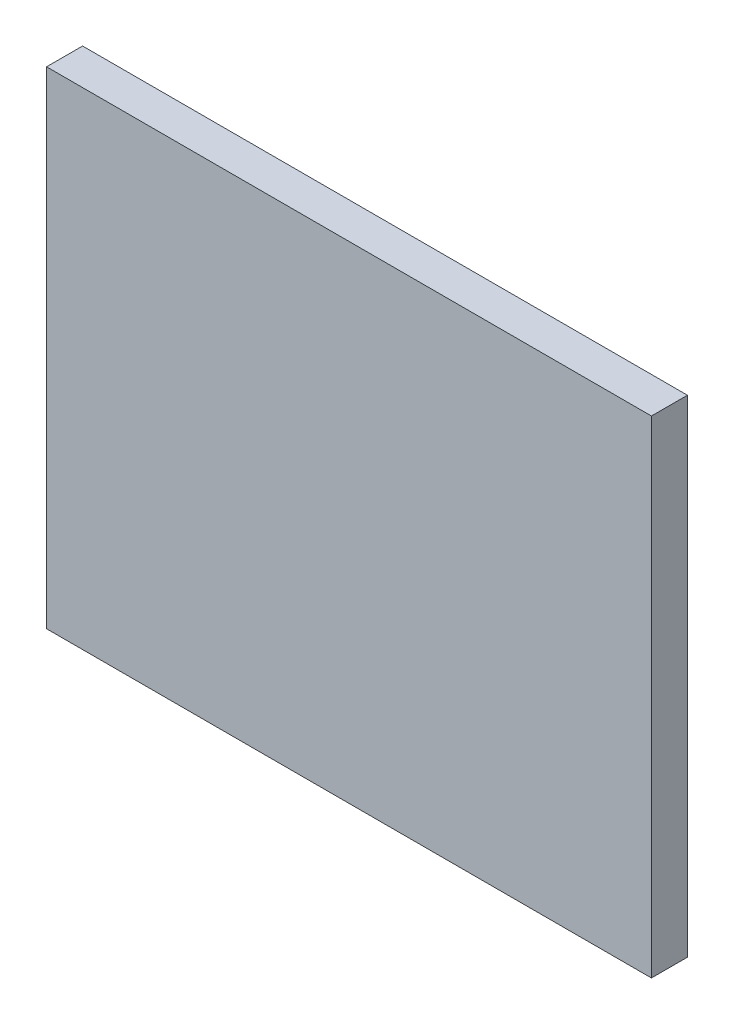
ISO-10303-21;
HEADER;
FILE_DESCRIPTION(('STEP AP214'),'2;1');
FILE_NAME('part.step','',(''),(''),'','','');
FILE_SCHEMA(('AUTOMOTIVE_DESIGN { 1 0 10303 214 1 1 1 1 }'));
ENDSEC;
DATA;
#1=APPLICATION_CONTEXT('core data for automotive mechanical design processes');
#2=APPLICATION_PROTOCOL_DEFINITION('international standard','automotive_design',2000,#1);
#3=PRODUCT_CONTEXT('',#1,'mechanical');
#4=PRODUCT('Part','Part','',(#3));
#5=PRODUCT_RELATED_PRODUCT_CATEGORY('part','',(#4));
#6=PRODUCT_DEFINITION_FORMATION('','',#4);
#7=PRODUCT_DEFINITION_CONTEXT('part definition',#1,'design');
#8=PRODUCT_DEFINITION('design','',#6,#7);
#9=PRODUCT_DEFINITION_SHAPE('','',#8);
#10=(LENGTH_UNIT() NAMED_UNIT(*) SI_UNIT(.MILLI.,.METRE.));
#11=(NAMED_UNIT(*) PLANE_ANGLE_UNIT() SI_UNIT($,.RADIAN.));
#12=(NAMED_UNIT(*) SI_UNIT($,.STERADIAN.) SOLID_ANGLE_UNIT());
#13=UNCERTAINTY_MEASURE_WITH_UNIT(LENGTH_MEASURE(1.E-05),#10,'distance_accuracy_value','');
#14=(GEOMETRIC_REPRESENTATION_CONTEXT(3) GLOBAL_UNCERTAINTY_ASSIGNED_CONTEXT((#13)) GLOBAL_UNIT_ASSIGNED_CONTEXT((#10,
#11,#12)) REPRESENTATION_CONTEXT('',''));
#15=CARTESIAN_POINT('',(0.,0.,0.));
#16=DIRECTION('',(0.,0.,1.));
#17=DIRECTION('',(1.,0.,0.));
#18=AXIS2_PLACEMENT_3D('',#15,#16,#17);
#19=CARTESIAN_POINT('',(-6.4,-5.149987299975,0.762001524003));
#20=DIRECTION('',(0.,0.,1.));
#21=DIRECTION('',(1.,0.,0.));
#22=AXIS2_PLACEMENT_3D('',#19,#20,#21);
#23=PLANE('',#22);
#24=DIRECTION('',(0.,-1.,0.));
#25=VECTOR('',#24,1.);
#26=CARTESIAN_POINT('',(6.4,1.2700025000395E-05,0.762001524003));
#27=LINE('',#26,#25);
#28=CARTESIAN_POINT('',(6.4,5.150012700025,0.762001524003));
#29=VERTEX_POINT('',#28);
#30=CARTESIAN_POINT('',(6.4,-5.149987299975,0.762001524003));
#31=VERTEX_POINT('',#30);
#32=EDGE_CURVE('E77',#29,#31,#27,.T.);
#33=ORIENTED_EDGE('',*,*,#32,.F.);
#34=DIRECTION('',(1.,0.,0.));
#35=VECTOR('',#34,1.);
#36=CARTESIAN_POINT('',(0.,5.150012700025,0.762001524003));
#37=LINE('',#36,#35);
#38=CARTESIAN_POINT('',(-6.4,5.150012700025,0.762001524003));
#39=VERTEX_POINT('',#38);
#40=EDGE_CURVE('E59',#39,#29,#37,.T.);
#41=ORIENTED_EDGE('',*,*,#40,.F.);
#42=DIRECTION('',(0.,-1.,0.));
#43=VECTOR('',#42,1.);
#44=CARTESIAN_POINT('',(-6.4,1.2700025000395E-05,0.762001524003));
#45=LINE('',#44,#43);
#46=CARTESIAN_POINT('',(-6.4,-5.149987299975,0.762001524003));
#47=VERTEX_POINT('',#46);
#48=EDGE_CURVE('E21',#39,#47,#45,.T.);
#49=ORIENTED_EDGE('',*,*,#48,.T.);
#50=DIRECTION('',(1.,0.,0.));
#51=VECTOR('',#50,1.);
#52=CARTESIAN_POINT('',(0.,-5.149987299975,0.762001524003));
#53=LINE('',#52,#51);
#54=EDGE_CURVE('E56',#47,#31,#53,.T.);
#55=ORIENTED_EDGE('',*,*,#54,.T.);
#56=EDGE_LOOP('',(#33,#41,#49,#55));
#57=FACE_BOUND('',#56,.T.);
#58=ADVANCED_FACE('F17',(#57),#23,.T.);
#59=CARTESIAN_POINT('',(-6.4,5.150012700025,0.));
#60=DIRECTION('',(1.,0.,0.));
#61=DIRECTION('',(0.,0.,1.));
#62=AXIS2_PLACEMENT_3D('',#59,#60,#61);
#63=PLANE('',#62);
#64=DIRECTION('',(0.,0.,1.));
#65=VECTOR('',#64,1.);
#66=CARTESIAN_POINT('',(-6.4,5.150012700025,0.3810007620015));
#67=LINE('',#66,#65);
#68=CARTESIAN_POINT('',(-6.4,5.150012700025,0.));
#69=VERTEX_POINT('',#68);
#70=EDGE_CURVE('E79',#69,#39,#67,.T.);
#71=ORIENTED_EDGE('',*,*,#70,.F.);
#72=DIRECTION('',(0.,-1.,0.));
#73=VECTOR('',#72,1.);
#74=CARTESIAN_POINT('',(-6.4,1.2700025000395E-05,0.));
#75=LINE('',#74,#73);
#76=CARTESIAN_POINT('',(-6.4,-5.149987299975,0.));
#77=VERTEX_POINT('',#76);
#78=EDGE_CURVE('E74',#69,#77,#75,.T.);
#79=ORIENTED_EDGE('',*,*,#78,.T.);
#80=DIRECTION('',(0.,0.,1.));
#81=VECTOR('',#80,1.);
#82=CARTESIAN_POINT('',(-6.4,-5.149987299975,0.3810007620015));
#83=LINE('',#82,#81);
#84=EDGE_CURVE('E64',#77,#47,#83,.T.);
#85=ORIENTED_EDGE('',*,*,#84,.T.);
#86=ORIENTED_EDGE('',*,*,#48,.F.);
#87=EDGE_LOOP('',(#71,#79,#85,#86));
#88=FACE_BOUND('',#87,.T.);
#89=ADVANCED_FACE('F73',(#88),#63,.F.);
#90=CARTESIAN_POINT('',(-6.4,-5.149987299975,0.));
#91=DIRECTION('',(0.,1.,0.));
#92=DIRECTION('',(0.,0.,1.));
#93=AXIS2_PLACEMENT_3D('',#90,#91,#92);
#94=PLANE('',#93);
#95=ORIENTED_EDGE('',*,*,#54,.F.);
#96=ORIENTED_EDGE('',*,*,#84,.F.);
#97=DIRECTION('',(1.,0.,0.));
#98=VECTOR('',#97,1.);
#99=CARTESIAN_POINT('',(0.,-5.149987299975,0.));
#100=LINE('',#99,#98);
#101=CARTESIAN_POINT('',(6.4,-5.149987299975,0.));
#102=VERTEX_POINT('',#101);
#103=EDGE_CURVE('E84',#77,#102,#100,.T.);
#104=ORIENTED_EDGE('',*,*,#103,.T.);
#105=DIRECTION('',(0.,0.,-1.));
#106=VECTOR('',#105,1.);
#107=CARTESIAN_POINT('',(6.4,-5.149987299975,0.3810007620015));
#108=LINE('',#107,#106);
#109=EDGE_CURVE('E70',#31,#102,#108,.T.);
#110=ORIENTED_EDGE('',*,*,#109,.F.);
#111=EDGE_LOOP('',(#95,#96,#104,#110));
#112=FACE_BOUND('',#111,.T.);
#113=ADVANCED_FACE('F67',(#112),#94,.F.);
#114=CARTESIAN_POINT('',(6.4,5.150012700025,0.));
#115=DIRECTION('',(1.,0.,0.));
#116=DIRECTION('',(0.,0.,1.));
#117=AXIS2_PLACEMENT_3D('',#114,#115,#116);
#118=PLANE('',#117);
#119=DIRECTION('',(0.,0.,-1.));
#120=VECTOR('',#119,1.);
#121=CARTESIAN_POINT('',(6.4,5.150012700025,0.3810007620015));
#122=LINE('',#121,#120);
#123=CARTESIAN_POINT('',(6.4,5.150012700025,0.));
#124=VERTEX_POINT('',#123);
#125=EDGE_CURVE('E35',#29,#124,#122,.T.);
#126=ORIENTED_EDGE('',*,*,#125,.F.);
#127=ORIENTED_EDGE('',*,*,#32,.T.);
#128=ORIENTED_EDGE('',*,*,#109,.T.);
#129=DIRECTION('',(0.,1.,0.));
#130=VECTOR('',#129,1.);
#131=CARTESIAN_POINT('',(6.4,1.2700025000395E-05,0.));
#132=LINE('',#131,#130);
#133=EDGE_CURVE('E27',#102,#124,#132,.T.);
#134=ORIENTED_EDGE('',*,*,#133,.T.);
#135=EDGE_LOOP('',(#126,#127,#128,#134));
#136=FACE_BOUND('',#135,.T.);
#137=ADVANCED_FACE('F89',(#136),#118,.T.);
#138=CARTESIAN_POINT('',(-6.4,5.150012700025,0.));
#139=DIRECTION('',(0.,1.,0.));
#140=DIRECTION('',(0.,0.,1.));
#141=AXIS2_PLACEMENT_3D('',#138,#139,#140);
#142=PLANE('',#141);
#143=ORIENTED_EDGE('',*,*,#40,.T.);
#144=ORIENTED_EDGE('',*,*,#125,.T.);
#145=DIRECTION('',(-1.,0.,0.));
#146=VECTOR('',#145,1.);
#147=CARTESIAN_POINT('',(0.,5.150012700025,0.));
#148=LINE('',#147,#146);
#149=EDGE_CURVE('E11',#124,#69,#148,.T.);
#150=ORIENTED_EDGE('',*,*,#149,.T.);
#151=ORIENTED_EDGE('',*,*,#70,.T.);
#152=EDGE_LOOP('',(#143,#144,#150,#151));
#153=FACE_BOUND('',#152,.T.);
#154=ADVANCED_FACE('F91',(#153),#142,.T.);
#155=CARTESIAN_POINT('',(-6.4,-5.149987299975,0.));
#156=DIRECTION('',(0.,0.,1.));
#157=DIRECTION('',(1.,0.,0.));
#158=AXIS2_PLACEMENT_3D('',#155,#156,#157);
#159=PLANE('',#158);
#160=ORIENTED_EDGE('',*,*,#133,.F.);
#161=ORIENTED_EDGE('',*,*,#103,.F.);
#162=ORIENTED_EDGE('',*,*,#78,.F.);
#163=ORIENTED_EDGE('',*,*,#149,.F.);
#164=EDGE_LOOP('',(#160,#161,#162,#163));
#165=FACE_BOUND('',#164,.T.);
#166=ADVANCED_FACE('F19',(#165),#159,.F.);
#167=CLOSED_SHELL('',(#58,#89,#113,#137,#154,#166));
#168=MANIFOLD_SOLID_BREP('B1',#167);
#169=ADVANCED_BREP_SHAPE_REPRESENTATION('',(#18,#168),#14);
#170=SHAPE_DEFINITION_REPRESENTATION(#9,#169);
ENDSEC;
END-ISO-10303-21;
—————
### EXERCISE DETAILS
Please copy the lines above from the line with "#16=DIRECTION('',(0.,0.,1.));" up to and including the line with "#51=VECTOR('',#50,1.);", exactly as written and with nothing else.

### WRITTEN RESPONSE
#16=DIRECTION('',(0.,0.,1.));
#17=DIRECTION('',(1.,0.,0.));
#18=AXIS2_PLACEMENT_3D('',#15,#16,#17);
#19=CARTESIAN_POINT('',(-6.4,-5.149987299975,0.762001524003));
#20=DIRECTION('',(0.,0.,1.));
#21=DIRECTION('',(1.,0.,0.));
#22=AXIS2_PLACEMENT_3D('',#19,#20,#21);
#23=PLANE('',#22);
#24=DIRECTION('',(0.,-1.,0.));
#25=VECTOR('',#24,1.);
#26=CARTESIAN_POINT('',(6.4,1.2700025000395E-05,0.762001524003));
#27=LINE('',#26,#25);
#28=CARTESIAN_POINT('',(6.4,5.150012700025,0.762001524003));
#29=VERTEX_POINT('',#28);
#30=CARTESIAN_POINT('',(6.4,-5.149987299975,0.762001524003));
#31=VERTEX_POINT('',#30);
#32=EDGE_CURVE('E77',#29,#31,#27,.T.);
#33=ORIENTED_EDGE('',*,*,#32,.F.);
#34=DIRECTION('',(1.,0.,0.));
#35=VECTOR('',#34,1.);
#36=CARTESIAN_POINT('',(0.,5.150012700025,0.762001524003));
#37=LINE('',#36,#35);
#38=CARTESIAN_POINT('',(-6.4,5.150012700025,0.762001524003));
#39=VERTEX_POINT('',#38);
#40=EDGE_CURVE('E59',#39,#29,#37,.T.);
#41=ORIENTED_EDGE('',*,*,#40,.F.);
#42=DIRECTION('',(0.,-1.,0.));
#43=VECTOR('',#42,1.);
#44=CARTESIAN_POINT('',(-6.4,1.2700025000395E-05,0.762001524003));
#45=LINE('',#44,#43);
#46=CARTESIAN_POINT('',(-6.4,-5.149987299975,0.762001524003));
#47=VERTEX_POINT('',#46);
#48=EDGE_CURVE('E21',#39,#47,#45,.T.);
#49=ORIENTED_EDGE('',*,*,#48,.T.);
#50=DIRECTION('',(1.,0.,0.));
#51=VECTOR('',#50,1.);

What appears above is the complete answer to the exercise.